- South Westshore Location within the state of Florida
- Coordinates: 27°54′28″N 82°31′27″W﻿ / ﻿27.90778°N 82.52417°W
- Country: United States
- State: Florida
- County: Hillsborough
- City: Tampa

Population (2000)
- • Total: 4,597
- Time zone: UTC-5 (Eastern (EST))
- • Summer (DST): UTC-4 (EDT)
- ZIP codes: 33611 and 33629

= South Westshore =

South Westshore is a neighborhood within the city limits of Tampa, Florida. As of the 2000 census the neighborhood had a population of 4,597. The ZIP Codes serving the neighborhood are 33611 and 33629. The neighborhood is located just south of the Westshore Business District.

==Geography==
South Westshore boundaries are the Leona Street to the north, Tampa Bay to the west, Gandy Blvd. to the south, and Manhattan Avenue to the east.

==Demographics==
Source: Hillsborough County Atlas

At the 2000 census there were 4,597 people and 2,328 households residing in the neighborhood. The population density was 5,258/mi^{2}. The racial makeup of the neighborhood was 93.0% White, 2.0% African American, 0% Native American, 3.0% Asian, less than 1.0% from other races, and 1.0% from two or more races. Hispanic or Latino of any race were 9.0%.
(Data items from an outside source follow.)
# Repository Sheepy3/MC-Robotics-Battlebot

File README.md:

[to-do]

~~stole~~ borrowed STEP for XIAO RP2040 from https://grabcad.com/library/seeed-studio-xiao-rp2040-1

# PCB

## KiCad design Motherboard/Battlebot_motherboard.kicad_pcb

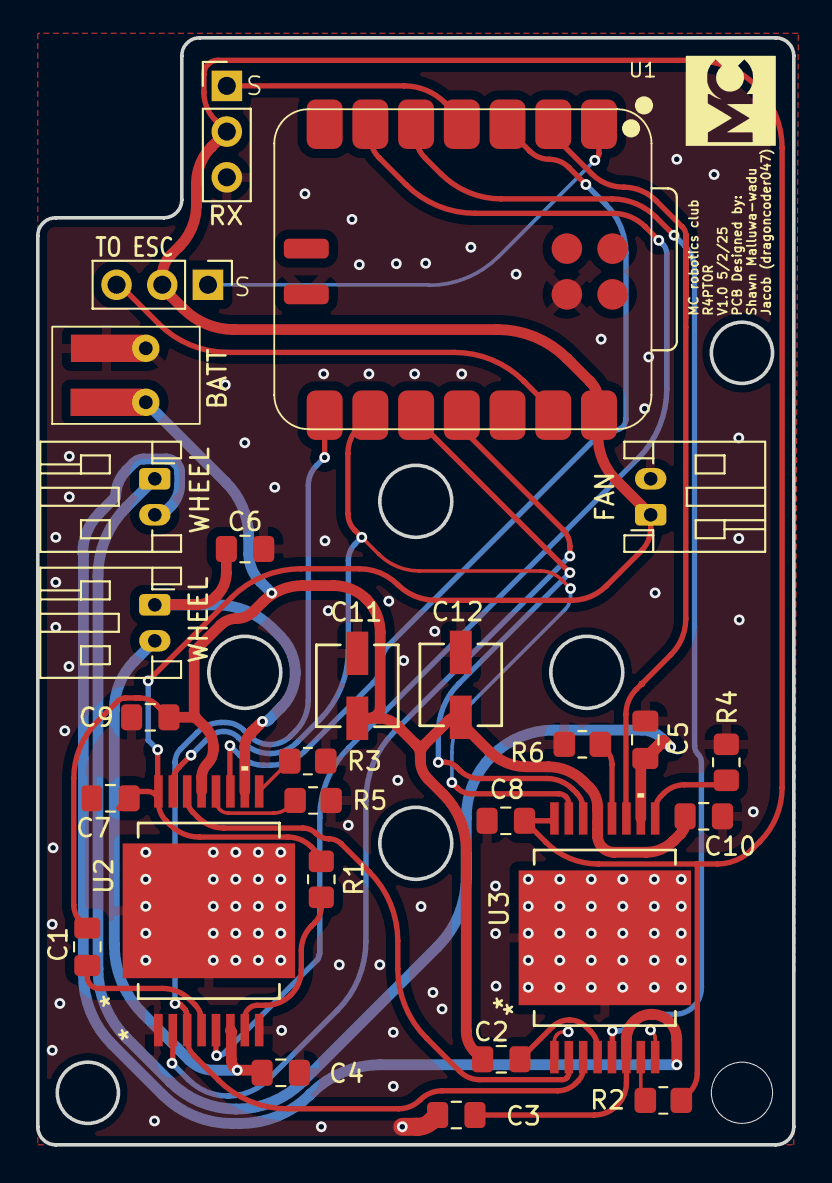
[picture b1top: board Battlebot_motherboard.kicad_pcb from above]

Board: 2 copper layers, 42.0 x 61.5 mm, 27 parts (0 on the bottom side), 27 nets.

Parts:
BATT: 12Vin; 2_Wire
C1, C2, C7, C8: 100nF; C_0805_2012Metric_Pad1.18x1.45mm_HandSolder
C3, C4, C5, C6: 10nF; C_0805_2012Metric_Pad1.18x1.45mm_HandSolder
C9, C10: 1uF; C_0805_2012Metric_Pad1.18x1.45mm_HandSolder
C11, C12: 100uF; CAP_UCD_4X5P8_NCH
FAN: Fan connector; JST_PH_S2B-PH-K_1x02_P2.00mm_Horizontal
R1, R2, R5, R6: 10kohm; R_0805_2012Metric_Pad1.20x1.40mm_HandSolder
R3, R4: 22kohm; R_0805_2012Metric_Pad1.20x1.40mm_HandSolder
RX: Reciever; PinHeader_1x03_P2.54mm_Vertical
TO ESC: BEC; PinHeader_1x03_P2.54mm_Vertical
U1: XIAO-RP2040-SMD
U2, U3: L9958SBTR; POWERSO16_STM
WHEEL: Conn_01x02_Socket; JST_PH_S2B-PH-K_1x02_P2.00mm_Horizontal
WHEEL#2: Conn_01x02_Socket; JST_PH_S2B-PH-K_1x02_P2.00mm_Horizontal

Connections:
1SO: U2.14 (SI), U3.2 (SO)
+5V: C7.1, C8.1, FAN.1, R1.2, R2.2, RX.2, TO ESC.2, U1.14 (5V), U2.16 (VDD), U3.16 (VDD)
+12V: BATT.1, C1.2, C2.2, C9.1, C10.1, C11.1, C12.1, U2.13 (VS), U3.13 (VS)
CS: U1.8 (GPIO1_D7_CSn_RX), U2.3 (CS), U3.3 (CS)
DIR1: U1.5 (GPIO6_D4_SDA), U3.5 (DIR)
DIR2: U1.6 (GPIO7_D5_SCL), U2.5 (DIR)
GND: BATT.2, C3.2, C4.2, C5.1, C6.1, C7.2, C8.2, C9.2, C10.2, C11.2, C12.2, FAN.2, R3.2, R4.2, R5.2, R6.2, RX.3, U1.16 (GND), U1.20 (GND), U2.1 (GND), U2.8 (PGND), U2.EPAD, U3.1 (GND), U3.8 (PGND), U3.EPAD
unnamed: TO ESC.3, U1.13 (GND)
unnamed: C5.2, U3.10 (OUT2), WHEEL#2.1
unnamed: C3.1, U3.6 (OUT1), WHEEL#2.2
unnamed: C6.2, U2.10 (OUT2), WHEEL.1
unnamed: C4.1, U2.6 (OUT1), WHEEL.2
unnamed: C1.1, U2.4 (CP)
unnamed: R1.1, U2.7 (DI)
unnamed: R3.1, U2.9 (EN)
unnamed: R5.1, U2.12 (REXT)
unnamed: C2.1, U3.4 (CP)
unnamed: R2.1, U3.7 (DI)
unnamed: R4.1, U3.9 (EN)
unnamed: R6.1, U3.12 (REXT)
PPM: RX.1, U1.4 (GPIO29_A3_D3)
PWM1: U1.2 (GPIO27_A1_D1), U3.11 (PWM)
PWM2: U1.3 (GPIO28_A2_D2), U2.11 (PWM)
PWM3: TO ESC.1, U1.1 (GPIO26_A0_D0)
SCK: U1.9 (GPIO2_D8_SCK), U2.15 (SCK), U3.15 (SCK)
µSI: U1.11 (GPIO3_D10_MOSI), U2.2 (SO)
µSO: U1.10 (GPIO4_D9_MISO), U3.14 (SI)

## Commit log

2024-09-09 init commit
2025-03-07 all the pcb stuff
2025-03-07 Update schematic which was quite wrong in a number of places
2025-04-05 nightmare routing job
2025-04-05 moved some jumper holes for usb access
2025-04-05 connected more of the ground pours
2025-04-11 reroute using 2 layers and fix 1 connector
2025-04-22 cleaned routing a little bit and updated silkscreen
2025-04-22 fixed ground plane with another via
2025-04-25 change width of a few tracks
2025-04-25 new cap footprint and rerouting for it
2025-04-25 updated silkscreen
2025-04-25 add testing firmware
2025-04-26 update with rounded tracks
2025-04-26 oops traces
2025-04-28 add step model of mobo and symbols
2025-04-29 removed jumper, fixed ground pours as, added 3D models for rp2040 and caps
2025-04-29 Update README.md
    added pretty picture
2025-04-29 updated traces one intersection
2025-04-29 added lck to gitignore
2025-04-29 ok actually fixed now ffs
2025-04-29 moved big caps farther from screws
2025-05-02 copper pads
2025-05-02 fix traces and stuff
2025-05-21 firmware from today
2025-05-27 fix 2 bugs:
    * spi clock frequency was set to 14MHz due to copypasta but per datasheet max is 5Mhz. lowered it to 1Mhz to be safe.
    * correctly set pwm resolution to 9 bit (I was requesting 1024 bit previously wtf??)
2025-05-27 remove turning only when moving code per caleb's request
    somehow I only did that on the xbox side not the radio side too
2025-06-03 stoopid bug write() => writeMicrodeconds()

Of the 2,328 households 21% had children under the age of 18 living with them, 38% were married couples living together, 5% had a female householder with no husband present, and 8% were non-families. 45% of households were made up of individuals.

The age distribution was 18% under the age of 18, 23% from 18 to 34, 24% from 35 to 49, 13% from 50 to 64, and 24% 65 or older. For every 100 females, there were 88.3 males.

The per capita income for the neighborhood was $28,025.